Mahwah, NJ-based Jaguar hired director-actor Spike Lee and his 40 Acres and a Mule Filmworks, New York City, to develop creative marketing programs that primarily reach out to blacks. Known more for such feature films as Do the Right Thing and Malcolm X, Lee has also done extensive work in advertising, most notably the Michael Jordan/Mars Blackmon spots for Nike in the 1980s. (Lee’s production has partnered with ad agency DDB Worldwide to form SpikeDDB, a full-service agency.)
The director’s initial effort for Jaguar is an eight-minute short film titled The Harlem to Martha’s Vineyard Special. The infomercial was introduced at the New York International Auto Show (and on Jaguar’s Web site) in April and will become part of a direct-mail campaign set for the fourth quarter. The piece centers on a young, affluent black couple – she’s a bread-winning surgeon, he’s an aspiring sculptor – who venture out from their elegant Harlem apartment for a weekend retreat. Also starring in the short are the Jaguar S-Type, the couple’s city vehicle, and the XK8 convertible they use to zip around the Vineyard.

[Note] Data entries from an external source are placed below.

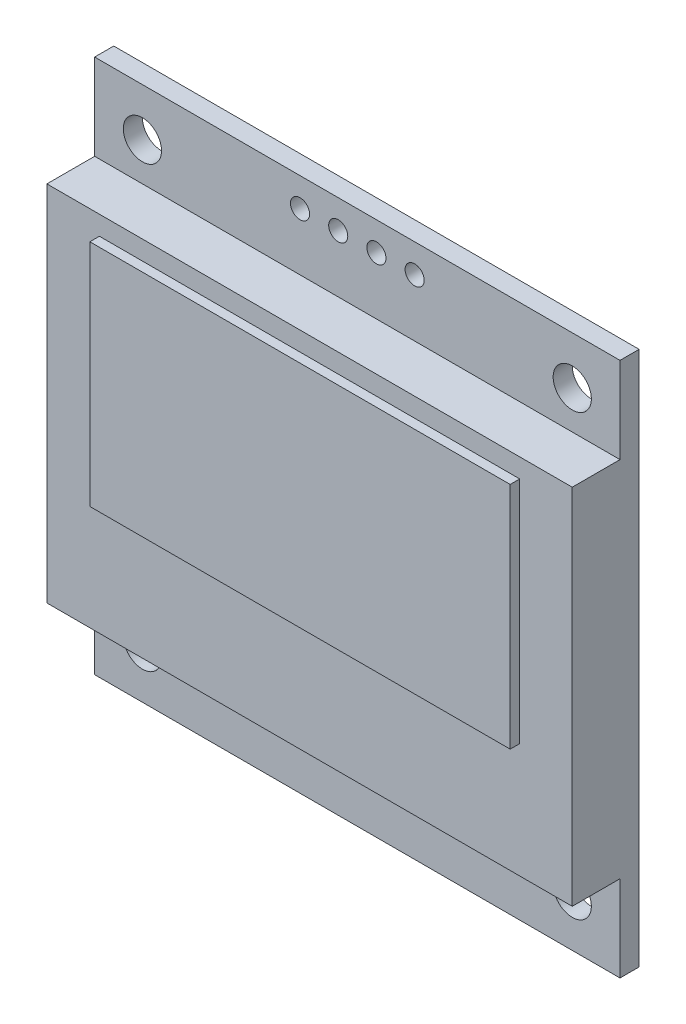
SolidWorks part; units mm, degrees
ref_plane "Front Plane" through (0, 0, 0) normal (0, 0, 1) x (1, 0, 0)
ref_plane "Top Plane" through (0, 0, 0) normal (0, 1, 0) x (1, 0, 0)
ref_plane "Right Plane" through (0, 0, 0) normal (1, 0, 0) x (0, 0, -1)
sketch "Sketch1" plane through (0, 0, 0) normal (0, 0, 1) x (1, 0, 0)
  line L0 (13.75, 3.4478) -> (13.75, -24.5522) construction
  line L1 (0, 3.4478) -> (27.5, 3.4478)
  line L2 (0, 3.4478) -> (0, -24.5522)
  line L3 (0, -24.5522) -> (27.5, -24.5522)
  line L4 (27.5, 3.4478) -> (27.5, -24.5522)
  line L5 (0, -20.0522) -> (27.5, -20.0522)
  line L6 (0, -20.0522) -> (0, -1.0522)
  line L7 (0, -1.0522) -> (27.5, -1.0522)
  line L8 (27.5, -20.0522) -> (27.5, -1.0522)
  line L9 (0, -10.5522) -> (27.5, -10.5522) construction
  line L11 (2.75, -2.0522) -> (24.75, -2.0522)
  line L12 (2.75, -2.0522) -> (2.75, -14.0522)
  line L13 (2.75, -14.0522) -> (24.75, -14.0522)
  line L14 (24.75, -2.0522) -> (24.75, -14.0522)
  circle A0 centre (14.75, 1.9478) radius 0.5
  circle A1 centre (16.75, 1.9478) radius 0.5
  circle A2 centre (10.75, 1.9478) radius 0.5
  circle A3 centre (12.75, 1.9478) radius 0.5
  circle A4 centre (25, 0.9478) radius 1
  circle A5 centre (25, -22.0522) radius 1
  circle A6 centre (2.5, -22.0522) radius 1
  circle A7 centre (2.5, 0.9478) radius 1
  dimension "D5" = 1
  dimension "D10" = 2
  dimension "D12" = 2.5
  dimension "D1" = 27.5
  dimension "D2" = 28
  dimension "D3" = 4.5
  dimension "D4" = 4.5
  dimension "D6" = 1.5
  dimension "D7" = 1
  dimension "D8" = 2
  dimension "D9" = 1.5
  dimension "D11" = 2.5
  dimension "D13" = 12
  dimension "D14" = 22
  dimension "D15" = 2.75
  dimension "D16" = 1
extrude "Boss-Extrude1" add sketch "Sketch1" along normal blind 3.5 contours L7 L2 L5 L4 region at (13.75, -1.3865, 0)
extrude "Boss-Extrude2" add sketch "Sketch1<3>" along normal blind 1 contours L2 L7 L4 L1 A3 A0 A1 A2 A4 A7 | L5 L2 L3 L4 A6 A5 region at (13.75, 1.1909, 0) region at (13.75, -22.3156, 0)
sketch "Sketch1<3>" plane through (0, 0, 0) normal (0, 0, 1) x (1, 0, 0) same geometry as "Sketch1"
extrude "Boss-Extrude3" add sketch "Sketch1<4>" along normal blind 4 contours L14 L11 L12 L13 region at (13.75, -8.0522, 0)
sketch "Sketch1<4>" plane through (0, 0, 0) normal (0, 0, 1) x (1, 0, 0) same geometry as "Sketch1"
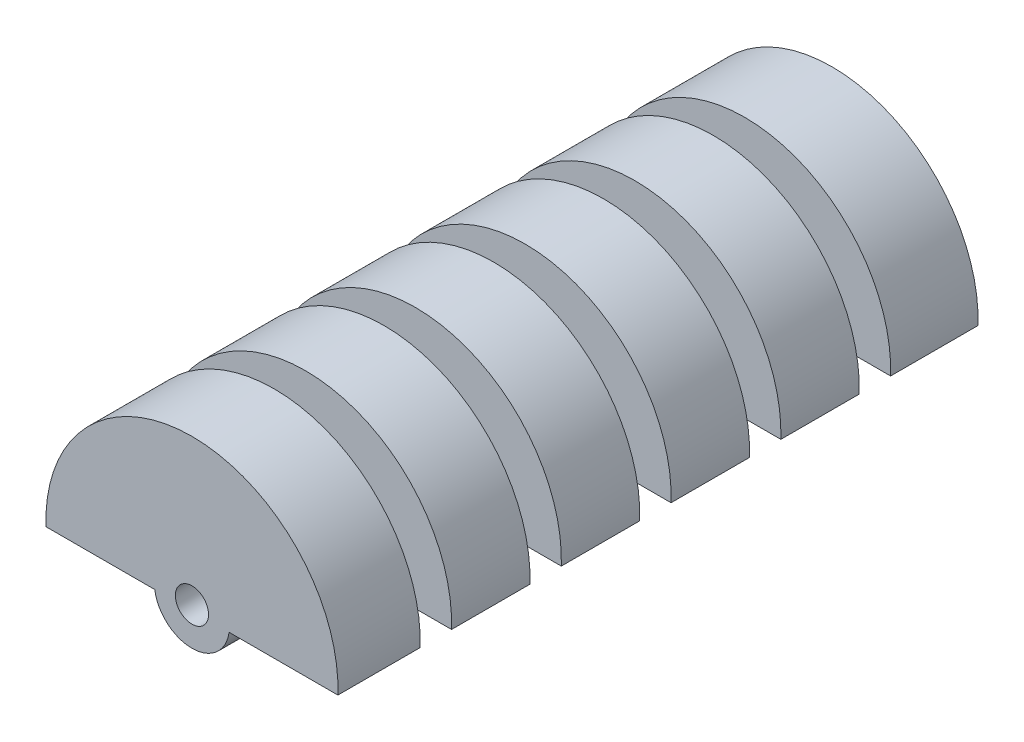
SolidWorks part; units mm, degrees
material "RUBBER 65A Test Modulus"
ref_plane "Front Plane" through (0, 0, 0) normal (0, 0, 1) x (1, 0, 0)
ref_plane "Top Plane" through (0, 0, 0) normal (0, 1, 0) x (1, 0, 0)
ref_plane "Right Plane" through (0, 0, 0) normal (1, 0, 0) x (0, 0, -1)
sketch "Sketch3" plane through (0, 0, 0) normal (0, 0, 1) x (1, 0, 0)
  circle A0 centre (0, 0) radius 27.94
  dimension "D1" = 55.88
extrude "Boss-Extrude2" add sketch "Sketch3" along normal blind 122.46
ref_axis "Axis2" through (0, 0, 121.5887) along (0, 0, -1)
sketch "Sketch5" plane through (0, 0, 122.46) normal (0, 0, 1) x (1, 0, 0)
  circle A0 centre (0, 0) radius 3.175
  dimension "D1" = 6.35
extrude "Cut-Extrude1" cut sketch "Sketch5" against normal through all contours A0
sketch "Sketch4" plane through (0, 0, 0) normal (0, 1, 0) x (1, 0, 0)
  line L0 (0, -122.46) -> (0, 0) construction
  line L1 (-27.94, -122.46) -> (27.94, -122.46) construction
  line L3 (-27.94, -106.72) -> (-13.94, -106.72)
  line L4 (-27.94, -106.72) -> (-27.94, -100.72)
  line L5 (-27.94, -100.72) -> (-13.94, -100.72)
  line L6 (-13.94, -106.72) -> (-13.94, -100.72)
  line L63 (-27.94, -85.72) -> (-27.94, -79.72)
  line L64 (-27.94, -85.72) -> (-13.94, -85.72)
  line L65 (-13.94, -85.72) -> (-13.94, -79.72)
  line L66 (-27.94, -79.72) -> (-13.94, -79.72)
  line L67 (-27.94, -64.72) -> (-27.94, -58.72)
  line L68 (-27.94, -64.72) -> (-13.94, -64.72)
  line L69 (-13.94, -64.72) -> (-13.94, -58.72)
  line L70 (-27.94, -58.72) -> (-13.94, -58.72)
  line L71 (-27.94, -43.72) -> (-27.94, -37.72)
  line L72 (-27.94, -43.72) -> (-13.94, -43.72)
  line L73 (-13.94, -43.72) -> (-13.94, -37.72)
  line L74 (-27.94, -37.72) -> (-13.94, -37.72)
  line L75 (-27.94, -22.72) -> (-27.94, -16.72)
  line L76 (-27.94, -22.72) -> (-13.94, -22.72)
  line L77 (-13.94, -22.72) -> (-13.94, -16.72)
  line L78 (-27.94, -16.72) -> (-13.94, -16.72)
  line L91 (-27.94, -106.72) -> (-27.94, -85.72) construction
  line L92 (-27.94, -1.72) -> (-27.94, 4.28) [skipped]
  line L93 (-27.94, -1.72) -> (-13.94, -1.72) [skipped]
  line L94 (-13.94, -1.72) -> (-13.94, 4.28) [skipped]
  line L95 (-27.94, 4.28) -> (-13.94, 4.28) [skipped]
  line L96 (-27.94, 19.28) -> (-27.94, 25.28) [skipped]
  line L97 (-27.94, 19.28) -> (-13.94, 19.28) [skipped]
  line L98 (-13.94, 19.28) -> (-13.94, 25.28) [skipped]
  line L99 (-27.94, 25.28) -> (-13.94, 25.28) [skipped]
  line L100 (-27.94, 40.28) -> (-27.94, 46.28) [skipped]
  line L101 (-27.94, 40.28) -> (-13.94, 40.28) [skipped]
  line L102 (-13.94, 40.28) -> (-13.94, 46.28) [skipped]
  line L103 (-27.94, 46.28) -> (-13.94, 46.28) [skipped]
  dimension "D1" = 15.74
  dimension "D2" = 6
  dimension "D3" = 27.94
  dimension "D4" = 14
  dimension "D6" = 21
  dimension "D5" = 8
revolve "Cut-Revolve1" cut sketch "Sketch4" angle 360 about L0
shell "Shell1" thickness 3
sketch "Sketch10" plane through (0, 0, 0) normal (0, 0, -1) x (-1, 0, 0)
  line L0 (0, 27.94) -> (0, -27.94) construction
  line L1 (-27.94, 0) -> (27.94, 0) construction
  line L2 (-1, 27.9221) -> (-1, 3.0134)
  line L3 (1, 3.0134) -> (1, 27.9221)
  line L4 (3.0134, 1) -> (27.9221, 1)
  line L5 (3.0134, -1) -> (27.9221, -1)
  line L6 (-1, -3.0134) -> (-1, -27.9221)
  line L7 (1, -3.0134) -> (1, -27.9221)
  line L8 (-27.9221, -1) -> (-3.0134, -1)
  line L9 (-27.9221, 1) -> (-3.0134, 1)
  circle A0 centre (0, 0) radius 27.94 construction
  circle A1 centre (0, 0) radius 3.175 construction
  arc A2 (-1, -27.9221) -> (1, -27.9221) centre (0, 0) ccw
  arc A3 (27.9221, -1) -> (27.9221, 1) centre (0, 0) ccw
  arc A4 (1, 27.9221) -> (-1, 27.9221) centre (0, 0) ccw
  arc A5 (-27.9221, 1) -> (-27.9221, -1) centre (0, 0) ccw
  arc A6 (-1, -3.0134) -> (1, -3.0134) centre (0, 0) ccw
  arc A7 (-3.0134, 1) -> (-3.0134, -1) centre (0, 0) ccw
  arc A8 (1, 3.0134) -> (-1, 3.0134) centre (0, 0) ccw
  arc A9 (3.0134, -1) -> (3.0134, 1) centre (0, 0) ccw
  dimension "D1" = 1
  dimension "D2" = 1
  dimension "D3" = 1
  dimension "D4" = 1
  dimension "D5" = 1
extrude "Boss-Extrude3" add sketch "Sketch10" against normal up to surface (122.46 mm away) up to face at (3.175, 0, 122.46)
ref_plane "Plane1" through (0, 0, 0) normal (-0.7071, -0.7071, 0) x (0, 0, -1)
ref_plane "Plane2" through (0, 0, 0) normal (-0.7071, 0.7071, 0) x (0, 0, -1)
ref_plane "Plane3" through (0, 0, 0) normal (0, 1, 0) x (1, 0, 0)
sketch "Sketch13" plane through (0, 0, 0) normal (0, 1, 0) x (1, 0, 0)
  line L0 (-30.3872, -37.72) -> (-13.9041, -37.72)
  line L1 (-30.3872, -16.72) -> (-13.9041, -16.72)
  line L2 (-30.3872, -16.72) -> (-30.3872, -22.72)
  line L3 (-30.3872, -22.72) -> (-13.9041, -22.72)
  line L4 (-13.9041, -16.72) -> (-13.9041, -22.72)
  line L5 (-30.3872, -37.72) -> (-30.3872, -43.72)
  line L6 (-30.3872, -43.72) -> (-13.9041, -43.72)
  line L7 (-13.9041, -37.72) -> (-13.9041, -43.72)
  line L8 (-30.3872, -58.72) -> (-13.9041, -58.72)
  line L9 (-30.3872, -58.72) -> (-30.3872, -64.72)
  line L10 (-30.3872, -64.72) -> (-13.9041, -64.72)
  line L11 (-13.9041, -58.72) -> (-13.9041, -64.72)
  line L12 (-30.3872, -79.72) -> (-13.9041, -79.72)
  line L13 (-30.3872, -79.72) -> (-30.3872, -85.72)
  line L14 (-30.3872, -85.72) -> (-13.9041, -85.72)
  line L15 (-13.9041, -79.72) -> (-13.9041, -85.72)
  line L16 (-30.3872, -100.72) -> (-13.9041, -100.72)
  line L17 (-30.3872, -100.72) -> (-30.3872, -106.72)
  line L18 (-30.3872, -106.72) -> (-13.9041, -106.72)
  line L19 (-13.9041, -100.72) -> (-13.9041, -106.72)
  dimension "D2" = 6
  dimension "D1" = 5
revolve "Cut-Revolve2" cut sketch "Sketch13" angle 360 about axis through (0, 0, 121.5887) along (0, 0, -1)
sketch "Sketch15" plane through (0, 0, 0) normal (0, 0, -1) x (-1, 0, 0)
  line L0 (0, 0) -> (0, 28.5004) construction
  line L1 (0, 0) -> (-22.0052, 22.0052) construction
sketch "Sketch16" plane through (0, 0, 0) normal (0, 0, -1) x (-1, 0, 0)
  line L0 (-3.175, 0) -> (-6.9755, 0) construction
  line L1 (-27.94, 0) -> (27.94, 0) construction
  line L2 (3.175, 0) -> (7.175, 0) construction
  line L3 (-6.9755, 0) -> (-6.9755, -0.971) construction
  line L4 (-6.9755, -0.971) -> (-6.6911, -0.971) construction
  line L5 (7.175, 0) -> (7.175, -1) construction
  line L8 (-3.175, 0) -> (-6.175, 0) construction
  line L9 (3.175, 0) -> (6.175, 0) construction
  line L10 (-27.9231, -0.971) -> (-6.0982, -0.971)
  line L11 (27.9221, -1) -> (6.0935, -1)
  arc A0 (-27.9231, -0.971) -> (27.9221, -1) centre (0, 0) ccw
  circle A1 centre (0, 0) radius 27.94 construction
  circle A2 centre (0, 0) radius 3.175 construction
  arc A5 (-6.0982, -0.971) -> (6.0935, -1) centre (0, 0) ccw
extrude "Cut-Extrude3" cut sketch "Sketch16" against normal blind 123
sketch "Sketch17" plane through (0, 0, 0) normal (0, 0, -1) x (-1, 0, 0)
  line L0 (-3.175, 0) -> (-7.175, 0) construction
  line L1 (3.175, 0) -> (7.175, 0) construction
  line L2 (-3.175, 0) -> (-7.175, 0)
  line L3 (3.175, 0) -> (7.175, 0)
  circle A0 centre (0, 0) radius 3.175 construction
  arc A1 (-7.175, 0) -> (7.175, 0) centre (0, 0) ccw
  arc A2 (-3.175, 0) -> (3.175, 0) centre (0, 0) ccw
  line M2 (-27.9231, -0.971) -> (-6.0982, -0.971)
  arc M3 (-6.0982, -0.971) -> (6.0935, -1) centre (0, 0) ccw
  line M4 (6.0935, -1) -> (27.9221, -1)
extrude "Boss-Extrude4" add sketch "Sketch17" against normal blind 122.46 contours A1 M2 M4 M3 region at (6.6036, -1.1261, 0)
equation "\"inwall\"= .75"
equation "\"outwall\"=2"

To learn more about where blacks fit within the customer base, Jaguar recently took a deeper dive into its owner data. One startling kernel of uncovered information was that African-American owners “are significantly younger than [owners] in the general market – by as much as five years,” says Saltiel. Typical Jaguar buyers are in their early 50s; typical black owners are in their late 40s. “Research into what motivates this consumer is something to focus on as we’re going forward,” he adds. “We need to do more work.”
In addition to the direct-mail campaign, which will either include the Lee film in the initial package or as a bounce-back, Jaguar has been ramping up ethnic-event marketing. The brand sponsors the annual Black Enterprise Ski Challenge in Colorado, a Sports Illustrated golf outing, and the Acapulco Black Film Festival. “Our goals are really straightforward: to generate awareness of Jaguar in the African-American community, to establish a rapport by targeting those consumers with various communications, and ultimately to sell more cars,” Saltiel says.
Being color-blind may be a virtue elsewhere, but it’s a sin in marketing.